* _What to produce_
Your answer should consist of each line from the data below that contains "rhombus".

* _Records for this task_
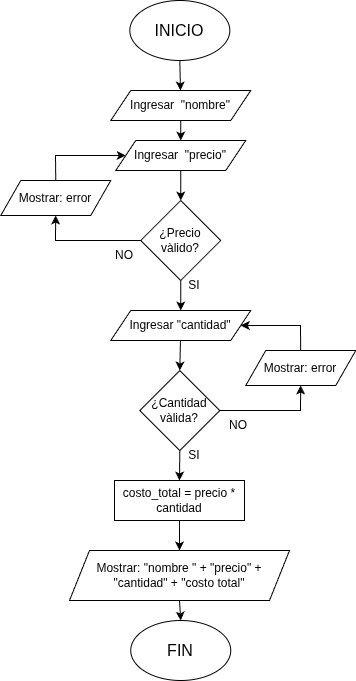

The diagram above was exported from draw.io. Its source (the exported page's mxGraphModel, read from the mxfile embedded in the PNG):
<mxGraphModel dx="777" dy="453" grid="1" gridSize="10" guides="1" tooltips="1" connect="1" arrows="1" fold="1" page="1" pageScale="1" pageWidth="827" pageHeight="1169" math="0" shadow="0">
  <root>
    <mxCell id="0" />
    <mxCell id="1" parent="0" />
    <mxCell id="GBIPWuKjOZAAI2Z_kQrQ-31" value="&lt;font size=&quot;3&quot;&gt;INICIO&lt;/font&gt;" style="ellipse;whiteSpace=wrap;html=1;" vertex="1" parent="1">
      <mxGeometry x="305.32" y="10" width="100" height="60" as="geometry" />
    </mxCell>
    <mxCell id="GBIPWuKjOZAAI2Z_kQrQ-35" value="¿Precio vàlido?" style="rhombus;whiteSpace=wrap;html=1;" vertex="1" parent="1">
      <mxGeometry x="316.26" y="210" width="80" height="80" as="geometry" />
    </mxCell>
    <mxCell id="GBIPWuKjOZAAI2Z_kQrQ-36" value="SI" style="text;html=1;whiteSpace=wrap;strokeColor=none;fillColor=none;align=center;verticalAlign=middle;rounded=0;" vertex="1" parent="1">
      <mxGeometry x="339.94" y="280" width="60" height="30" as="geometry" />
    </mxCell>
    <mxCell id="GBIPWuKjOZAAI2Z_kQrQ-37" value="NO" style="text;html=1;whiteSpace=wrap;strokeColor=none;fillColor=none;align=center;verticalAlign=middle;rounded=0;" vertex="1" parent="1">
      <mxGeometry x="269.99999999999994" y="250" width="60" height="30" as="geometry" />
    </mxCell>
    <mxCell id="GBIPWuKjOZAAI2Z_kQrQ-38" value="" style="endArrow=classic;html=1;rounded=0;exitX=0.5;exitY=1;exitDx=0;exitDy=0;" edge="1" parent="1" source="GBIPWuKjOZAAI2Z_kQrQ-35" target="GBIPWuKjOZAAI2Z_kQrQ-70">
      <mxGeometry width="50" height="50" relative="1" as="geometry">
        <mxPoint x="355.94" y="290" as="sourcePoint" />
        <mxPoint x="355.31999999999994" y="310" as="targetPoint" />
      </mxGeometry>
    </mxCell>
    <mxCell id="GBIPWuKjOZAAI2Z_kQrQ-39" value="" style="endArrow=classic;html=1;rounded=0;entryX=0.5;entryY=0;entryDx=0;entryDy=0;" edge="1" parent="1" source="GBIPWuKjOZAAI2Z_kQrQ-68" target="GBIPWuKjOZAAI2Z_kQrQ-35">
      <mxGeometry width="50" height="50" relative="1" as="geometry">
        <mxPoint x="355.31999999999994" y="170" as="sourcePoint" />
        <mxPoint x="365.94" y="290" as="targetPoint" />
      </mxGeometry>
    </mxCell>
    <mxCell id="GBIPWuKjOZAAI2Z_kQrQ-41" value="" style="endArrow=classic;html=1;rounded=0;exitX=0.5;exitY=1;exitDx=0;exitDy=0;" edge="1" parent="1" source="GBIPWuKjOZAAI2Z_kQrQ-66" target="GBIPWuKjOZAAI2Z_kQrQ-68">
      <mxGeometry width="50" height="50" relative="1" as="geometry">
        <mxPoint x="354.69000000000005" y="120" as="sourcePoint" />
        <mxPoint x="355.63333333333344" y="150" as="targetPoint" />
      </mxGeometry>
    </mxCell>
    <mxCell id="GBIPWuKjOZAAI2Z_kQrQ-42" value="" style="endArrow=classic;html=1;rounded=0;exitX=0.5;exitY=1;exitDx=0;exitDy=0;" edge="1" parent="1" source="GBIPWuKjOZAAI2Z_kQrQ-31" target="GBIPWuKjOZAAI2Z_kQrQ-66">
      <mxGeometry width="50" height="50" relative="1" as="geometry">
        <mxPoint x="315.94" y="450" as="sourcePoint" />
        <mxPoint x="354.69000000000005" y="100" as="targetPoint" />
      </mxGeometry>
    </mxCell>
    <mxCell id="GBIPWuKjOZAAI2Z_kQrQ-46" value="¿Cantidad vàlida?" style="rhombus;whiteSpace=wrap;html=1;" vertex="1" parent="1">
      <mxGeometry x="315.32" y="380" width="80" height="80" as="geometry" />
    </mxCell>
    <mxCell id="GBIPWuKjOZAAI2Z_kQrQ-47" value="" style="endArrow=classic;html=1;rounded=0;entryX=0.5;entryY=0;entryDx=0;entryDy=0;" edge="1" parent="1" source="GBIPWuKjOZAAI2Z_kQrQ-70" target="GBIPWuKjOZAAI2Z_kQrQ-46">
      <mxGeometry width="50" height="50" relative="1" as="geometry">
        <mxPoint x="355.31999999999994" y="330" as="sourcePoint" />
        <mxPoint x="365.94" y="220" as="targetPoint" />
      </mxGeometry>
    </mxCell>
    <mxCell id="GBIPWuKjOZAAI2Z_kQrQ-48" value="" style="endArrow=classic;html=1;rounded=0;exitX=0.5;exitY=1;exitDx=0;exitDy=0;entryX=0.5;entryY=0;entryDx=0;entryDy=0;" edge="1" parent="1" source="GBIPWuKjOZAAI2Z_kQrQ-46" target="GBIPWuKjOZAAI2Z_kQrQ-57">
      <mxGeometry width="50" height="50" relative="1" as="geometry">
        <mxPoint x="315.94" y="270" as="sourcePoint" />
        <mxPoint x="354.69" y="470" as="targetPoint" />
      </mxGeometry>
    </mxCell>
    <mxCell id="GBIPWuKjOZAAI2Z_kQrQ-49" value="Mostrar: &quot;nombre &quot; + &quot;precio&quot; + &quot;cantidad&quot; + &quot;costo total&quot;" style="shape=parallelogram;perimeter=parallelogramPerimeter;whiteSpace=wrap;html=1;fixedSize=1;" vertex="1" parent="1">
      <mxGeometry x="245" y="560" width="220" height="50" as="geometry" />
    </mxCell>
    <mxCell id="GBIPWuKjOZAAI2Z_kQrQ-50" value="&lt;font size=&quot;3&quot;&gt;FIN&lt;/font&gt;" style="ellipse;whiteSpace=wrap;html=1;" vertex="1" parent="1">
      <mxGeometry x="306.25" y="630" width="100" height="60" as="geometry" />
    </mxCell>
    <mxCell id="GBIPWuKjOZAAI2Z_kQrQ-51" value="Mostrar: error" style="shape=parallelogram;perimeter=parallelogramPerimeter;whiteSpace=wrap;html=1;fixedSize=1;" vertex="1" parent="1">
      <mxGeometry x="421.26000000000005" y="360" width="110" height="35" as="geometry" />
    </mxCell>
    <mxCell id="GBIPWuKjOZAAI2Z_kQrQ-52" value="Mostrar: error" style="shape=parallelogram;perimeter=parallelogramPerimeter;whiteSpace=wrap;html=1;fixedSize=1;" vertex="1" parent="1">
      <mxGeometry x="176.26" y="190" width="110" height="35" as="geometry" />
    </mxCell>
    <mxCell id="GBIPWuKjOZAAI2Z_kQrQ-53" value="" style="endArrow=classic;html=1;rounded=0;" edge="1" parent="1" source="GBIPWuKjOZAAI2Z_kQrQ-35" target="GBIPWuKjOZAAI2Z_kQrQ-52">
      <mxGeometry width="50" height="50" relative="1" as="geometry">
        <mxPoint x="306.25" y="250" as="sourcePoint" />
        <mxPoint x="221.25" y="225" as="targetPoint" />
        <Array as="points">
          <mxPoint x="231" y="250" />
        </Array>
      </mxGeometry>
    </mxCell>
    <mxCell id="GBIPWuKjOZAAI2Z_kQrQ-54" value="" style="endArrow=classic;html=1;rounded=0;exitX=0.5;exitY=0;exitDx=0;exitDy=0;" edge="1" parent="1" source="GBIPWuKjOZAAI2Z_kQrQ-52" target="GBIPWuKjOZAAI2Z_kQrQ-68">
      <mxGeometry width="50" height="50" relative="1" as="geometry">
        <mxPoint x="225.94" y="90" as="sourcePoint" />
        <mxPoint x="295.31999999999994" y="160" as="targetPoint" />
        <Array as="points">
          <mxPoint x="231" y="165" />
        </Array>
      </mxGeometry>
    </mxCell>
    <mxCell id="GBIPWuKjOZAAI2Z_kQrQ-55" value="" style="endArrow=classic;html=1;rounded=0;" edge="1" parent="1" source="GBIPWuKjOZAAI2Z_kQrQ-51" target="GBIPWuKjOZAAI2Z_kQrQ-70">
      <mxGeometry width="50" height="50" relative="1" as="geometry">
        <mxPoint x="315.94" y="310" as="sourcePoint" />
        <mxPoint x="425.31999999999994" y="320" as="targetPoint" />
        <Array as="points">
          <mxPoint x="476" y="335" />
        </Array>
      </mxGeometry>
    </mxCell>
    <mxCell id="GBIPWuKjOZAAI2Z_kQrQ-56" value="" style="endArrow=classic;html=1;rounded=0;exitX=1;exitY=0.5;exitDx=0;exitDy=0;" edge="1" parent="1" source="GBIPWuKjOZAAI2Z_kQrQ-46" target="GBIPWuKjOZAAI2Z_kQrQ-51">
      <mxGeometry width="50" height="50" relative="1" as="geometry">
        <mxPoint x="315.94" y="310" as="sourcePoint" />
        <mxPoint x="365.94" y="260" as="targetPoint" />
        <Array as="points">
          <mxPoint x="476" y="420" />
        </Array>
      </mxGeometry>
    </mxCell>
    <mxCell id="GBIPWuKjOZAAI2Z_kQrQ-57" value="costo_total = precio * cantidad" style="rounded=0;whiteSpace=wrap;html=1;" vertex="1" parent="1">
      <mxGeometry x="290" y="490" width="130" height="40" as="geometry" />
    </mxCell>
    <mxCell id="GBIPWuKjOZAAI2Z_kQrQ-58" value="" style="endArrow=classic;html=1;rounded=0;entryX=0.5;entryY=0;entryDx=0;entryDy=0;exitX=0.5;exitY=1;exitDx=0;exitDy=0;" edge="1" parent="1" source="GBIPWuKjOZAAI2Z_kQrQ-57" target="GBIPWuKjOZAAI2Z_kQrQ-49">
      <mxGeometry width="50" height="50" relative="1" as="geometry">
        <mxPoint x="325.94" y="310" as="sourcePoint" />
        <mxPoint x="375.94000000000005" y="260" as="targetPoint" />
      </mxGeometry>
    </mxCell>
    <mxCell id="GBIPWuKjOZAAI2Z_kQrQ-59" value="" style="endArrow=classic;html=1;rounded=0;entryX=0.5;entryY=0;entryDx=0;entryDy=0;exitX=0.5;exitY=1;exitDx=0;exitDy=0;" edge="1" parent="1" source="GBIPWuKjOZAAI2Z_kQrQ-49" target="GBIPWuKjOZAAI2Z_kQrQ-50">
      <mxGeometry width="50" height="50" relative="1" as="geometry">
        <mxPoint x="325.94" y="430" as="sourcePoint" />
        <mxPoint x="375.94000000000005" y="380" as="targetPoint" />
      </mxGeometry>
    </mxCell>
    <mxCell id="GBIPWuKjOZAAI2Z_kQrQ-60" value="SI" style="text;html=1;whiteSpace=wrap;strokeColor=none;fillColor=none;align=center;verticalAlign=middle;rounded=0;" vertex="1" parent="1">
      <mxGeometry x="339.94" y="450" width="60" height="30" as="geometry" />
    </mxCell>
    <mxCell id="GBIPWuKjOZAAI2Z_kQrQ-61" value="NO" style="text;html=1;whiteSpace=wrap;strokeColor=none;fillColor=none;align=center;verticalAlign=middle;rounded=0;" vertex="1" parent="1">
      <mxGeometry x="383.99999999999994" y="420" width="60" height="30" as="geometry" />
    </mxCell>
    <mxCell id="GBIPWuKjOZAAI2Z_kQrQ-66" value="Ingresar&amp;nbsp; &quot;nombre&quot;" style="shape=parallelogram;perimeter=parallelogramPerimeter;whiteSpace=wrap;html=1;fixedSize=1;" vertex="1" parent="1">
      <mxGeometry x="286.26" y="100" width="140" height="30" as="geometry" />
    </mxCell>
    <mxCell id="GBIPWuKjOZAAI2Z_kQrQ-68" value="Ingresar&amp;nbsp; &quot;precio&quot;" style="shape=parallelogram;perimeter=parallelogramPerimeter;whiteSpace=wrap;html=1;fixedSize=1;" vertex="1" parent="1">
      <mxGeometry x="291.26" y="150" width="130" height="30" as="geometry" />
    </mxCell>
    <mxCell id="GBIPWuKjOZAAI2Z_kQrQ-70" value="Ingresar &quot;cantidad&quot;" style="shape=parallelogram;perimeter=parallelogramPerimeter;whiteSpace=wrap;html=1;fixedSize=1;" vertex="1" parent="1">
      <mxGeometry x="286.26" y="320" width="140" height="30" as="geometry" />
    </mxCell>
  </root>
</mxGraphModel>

* _Exercise solution_
    <mxCell id="GBIPWuKjOZAAI2Z_kQrQ-35" value="¿Precio vàlido?" style="rhombus;whiteSpace=wrap;html=1;" vertex="1" parent="1">
    <mxCell id="GBIPWuKjOZAAI2Z_kQrQ-46" value="¿Cantidad vàlida?" style="rhombus;whiteSpace=wrap;html=1;" vertex="1" parent="1">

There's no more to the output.